Die Neuropädiaterin koordiniert auch notwendige weiterführende Untersuchungen, „üblicherweise sind einmal jährliche Routineuntersuchungen sinnvoll, sofern Familien dazu eine weite Anreise haben“. Ziel ist es, mit adäquaten Fördertherapien die Entwicklung des Kindes optimal zu unterstützen.

Fakten-Check Myhre-Syndrom

Das Myhre-Syndrom wird durch eine heterozygote pathogene Variante im SMAD4-Gen (18q21.2) verursacht. Charakteristische klinische Merkmale und radiologische Befunde sind etwa Brachydaktylie, Wirbelfusionen und hypoplastische Darmbeinflügel.

In den ersten Lebensjahren sind die Hauptmerkmale Kleinwuchs sowie kurze Lidspalten. In der späten Kindheit sind ausgeprägte Gesichtszüge erkennbar, ebenso eingeschränkte Gelenkbeweglichkeit oder verdickte Haut.

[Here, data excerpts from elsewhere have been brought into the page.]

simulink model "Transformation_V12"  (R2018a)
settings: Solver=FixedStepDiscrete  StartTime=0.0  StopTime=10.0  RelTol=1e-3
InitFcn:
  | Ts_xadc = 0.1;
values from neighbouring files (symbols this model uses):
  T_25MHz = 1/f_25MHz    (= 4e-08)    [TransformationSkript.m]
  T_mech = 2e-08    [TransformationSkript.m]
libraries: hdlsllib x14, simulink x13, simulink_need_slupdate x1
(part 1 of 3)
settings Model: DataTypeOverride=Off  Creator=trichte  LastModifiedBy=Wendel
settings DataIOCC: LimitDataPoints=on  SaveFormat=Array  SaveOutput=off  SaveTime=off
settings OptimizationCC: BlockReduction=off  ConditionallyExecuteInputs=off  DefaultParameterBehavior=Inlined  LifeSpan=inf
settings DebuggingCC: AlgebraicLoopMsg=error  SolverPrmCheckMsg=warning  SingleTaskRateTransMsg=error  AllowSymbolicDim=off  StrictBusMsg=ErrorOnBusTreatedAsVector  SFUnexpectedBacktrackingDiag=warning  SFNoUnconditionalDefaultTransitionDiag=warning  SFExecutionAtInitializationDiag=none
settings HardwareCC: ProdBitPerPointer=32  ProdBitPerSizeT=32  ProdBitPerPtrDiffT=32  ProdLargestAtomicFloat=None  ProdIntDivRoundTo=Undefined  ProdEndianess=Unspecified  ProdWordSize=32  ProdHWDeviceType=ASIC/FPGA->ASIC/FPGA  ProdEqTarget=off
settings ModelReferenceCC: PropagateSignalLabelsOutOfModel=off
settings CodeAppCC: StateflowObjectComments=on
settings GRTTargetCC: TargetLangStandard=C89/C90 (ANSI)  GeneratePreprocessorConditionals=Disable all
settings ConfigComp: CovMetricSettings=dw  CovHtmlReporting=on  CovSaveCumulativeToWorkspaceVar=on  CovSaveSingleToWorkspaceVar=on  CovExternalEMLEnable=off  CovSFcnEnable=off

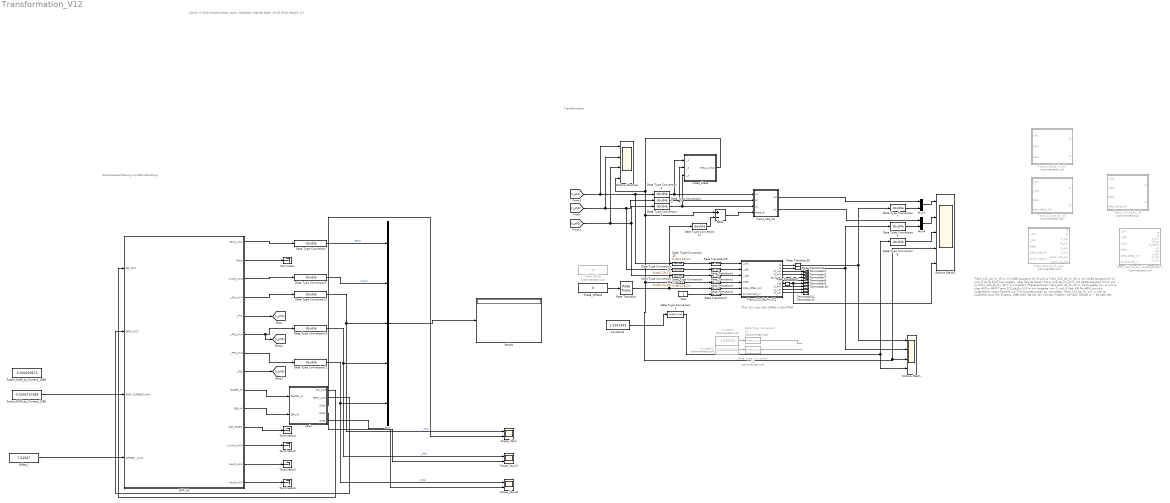
== system Transformation_V12 ==
  note: This V12 runs with 25MHz in the FPGA.
  note: Trans_123_dq_fix_V5 = mit 16Bit Ausgang für id und iq
      | Trans_123_dq_fix_V6 = mit 18 Bit Ausgang für id und iq (iq ist auch hier negativ, aber das ist falsch)
      | Trans_123_dq_fix_V7 = mit 18 Bit Ausgang für id und iq
      | Trans_123_dq_fix_V8 = mit 3 statt 2 Phasenströmen
      | Trans_123_dq_fix_V9 = mit Ausgabe von id und iq über AXI für ARM
      | Trans_123_dq_fix_V10 = mit Ausgabe von i1 und i3 über AXI für ARM und mit zusätzlichem Input-Pipeline um Timingverletzungen zu vermeiden
      | Trans_123_dq_fix_V11 = hier ist zusätzlich auch der Eingang 18Bit breit (da bei der V10 das Problem war das: Sobald iq > 9A geht der Trans-Block nicht mehr richtig...
      | Das liegt an den 16 Bit am Eingang. Sobald ich (wie bei den neunen V11 schon korregiert) 18 Bit am EIngang habe, ist das Problem behoben und der Bereich geht bis bis +/-36 A
      | ...ansonsten is alles wie gehabt. Wegen einheitlichen 18 Bit für alle Größem wird jedoch 18 Bit genutzt!
      | Trans_123_dq_fix_V12 = habe hier nun die dq-Trans von Saidi Said nicht mehr benutzt und bin auf die Verwendung von sinus und cosinus gewechselt.
      | da ich diese bei den VoltageVectors ohnehin benötige. Und hierdurch habe ich auch einen gleichen theta-offset für beide. Außerdem wollte ich alle 3 Ströme nehmen
      | Nach realer Implementierung ist die Genauigkeit von dieser dq-Transformation auch wesentlich genauer (doppelt so gute Bitgenauigkeit)
  note: Stromistwererfassung mit ADC-Wandlung
  note: Transformation
  note: Clarke- & Park-transformation
      |
      | Autor: Sebastian Wendel
      | Date: 26.03.2018
      | Version: 0.1
  Add1 : Sum  Inputs=+-  OutDataTypeStr=Inherit: Same as accumulator
  Constant : Constant  Commented=on  Value=-1.839355
  Constant1 : Constant  Commented=on  Value=0.545410156
  Constant2 : Constant  Value=1.2201433
  DUT_V5 : Subsystem  TreatAsAtomicUnit=on
  Data Type Conversion{,1,3..12} (12 alike) : DataTypeConversion  OutDataTypeStr=double
  Data Type Conversion13 : DataTypeConversion  Commented=on  OutDataTypeStr=fixdt(1,18,11)
  Data Type Conversion14 : DataTypeConversion  Commented=on  OutDataTypeStr=fixdt(1,18,11)
  Data Type Conversion15 : DataTypeConversion  OutDataTypeStr=fixdt(1,18,11)
  Data Type Conversion16 : DataTypeConversion  OutDataTypeStr=fixdt(1,18,11)
  Data Type Conversion17 : DataTypeConversion  OutDataTypeStr=fixdt(1,18,11)
  Data Type Conversion18 : DataTypeConversion  OutDataTypeStr=fixdt(1,24,20)
  Data Type Conversion2 : DataTypeConversion  OutDataTypeStr=fixdt(1,24,20)
  Factor_RAW_to_Current_12Bit : Constant  Value=0.0036747685  OutDataTypeStr=fixdt(0,24,24)
  Factor_RAW_to_Current_16Bit : Constant  Value=0.000229673  OutDataTypeStr=fixdt(0,24,24)
  Mux : Mux  Inputs=5
  Mux3 : Mux  Inputs=2
  Mux4 : Mux  Inputs=2
  Offset_i : Constant  Value=7.52587  OutDataTypeStr=fixdt(0,16,11)
  Rate Transition{,6..7,16} (4 alike) : RateTransition  OutPortSampleTime=T_mech
  Rate Transition{1..5,19} (6 alike) : RateTransition  OutPortSampleTime=T_25MHz
  Scope_Vaux0 : Scope  NumInputPorts=2
  Scope_Vaux8 : Scope  NumInputPorts=2
  Scope_VpVn : Scope  NumInputPorts=2
  Ströme Gleich : Scope  NumInputPorts=4
  Ströme Gleich1 : Scope  NumInputPorts=5
  Ströme Wechsel : Scope  NumInputPorts=4
  Terminator{,1..12} (13 alike) : Terminator
  Test : Constant  OutDataTypeStr=boolean  SampleTime=T_mech
  Theta_Offset : Constant  Commented=on  Value=pi  OutDataTypeStr=fixdt(1,24,20)
  Theta_Offset1 : Constant  Value=0  OutDataTypeStr=fixdt(1,24,20)
  Trans_123_dq : Subsystem
  Trans_123_dq_fix_V11 : Subsystem  Commented=on  TreatAsAtomicUnit=on
  Trans_123_dq_fix_V12 : Subsystem  TreatAsAtomicUnit=on
  Trans_123_dq_fix_V12DoppelteMul : Subsystem  Commented=on  TreatAsAtomicUnit=on
  Trans_123_dq_fix_V3 : Subsystem  Commented=on  TreatAsAtomicUnit=on
  Trans_123_dq_fix_V5 : Subsystem  Commented=on  TreatAsAtomicUnit=on
  Trans_123_dq_fix_V6 : Subsystem  Commented=on  TreatAsAtomicUnit=on
  Values : Display
      settings: Format=hex (Stored Integer)
  meas_theta : Subsystem
  xadc : Subsystem
  wires:
  DUT_V5/1(Temp_AXI4) -> Data Type Conversion/1
  DUT_V5/3(VccInt_AXI4) -> Data Type Conversion1/1
  DUT_V5/4(i_Ph1_AXI4) -> Data Type Conversion3/1
  DUT_V5/7(i_Ph3_AXI4) -> Data Type Conversion11/1
  DUT_V5/6(i_Ph2_AXI4) -> [i_ph2], Data Type Conversion10/1
  Mux/1 -> Values/1
  Data Type Conversion/1 -> Mux/1  "Temp"
  Data Type Conversion3/1 -> Scope_VpVn/1, Mux/3  "i_Ph1"
  Data Type Conversion10/1 -> Scope_Vaux0/1, Mux/4  "i_Ph2"
  Data Type Conversion11/1 -> Scope_Vaux8/1, Mux/5  "i_Ph3"
  Data Type Conversion1/1 -> Mux/2  "VccInt"
  DUT_V5/9(DADDR_IN) -> xadc/1(DADDR_IN)
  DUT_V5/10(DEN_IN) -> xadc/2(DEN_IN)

Morphologische kardiovaskuläre Anomalien betreffen etwa 70 Prozent der Patienten, häufig werden Perikarditis, restriktive Kardiomyopathie sowie systemische und pulmonale Hypertonie beobachtet. Die Atemwege sind unter anderem durch eine obstruktive Atemwegserkrankung oder eine restriktive Lungenerkrankung betroffen. Häufig wird über rezidivierende Infektionen, insbesondere Otitis media und Lungenentzündung, berichtet. Bei den meisten Betroffenen wird eine Schwerhörigkeit beobachtet.

Die Behandlung erfolgt hauptsächlich symptomatisch und erfordert ein multidisziplinäres Ärzteteam.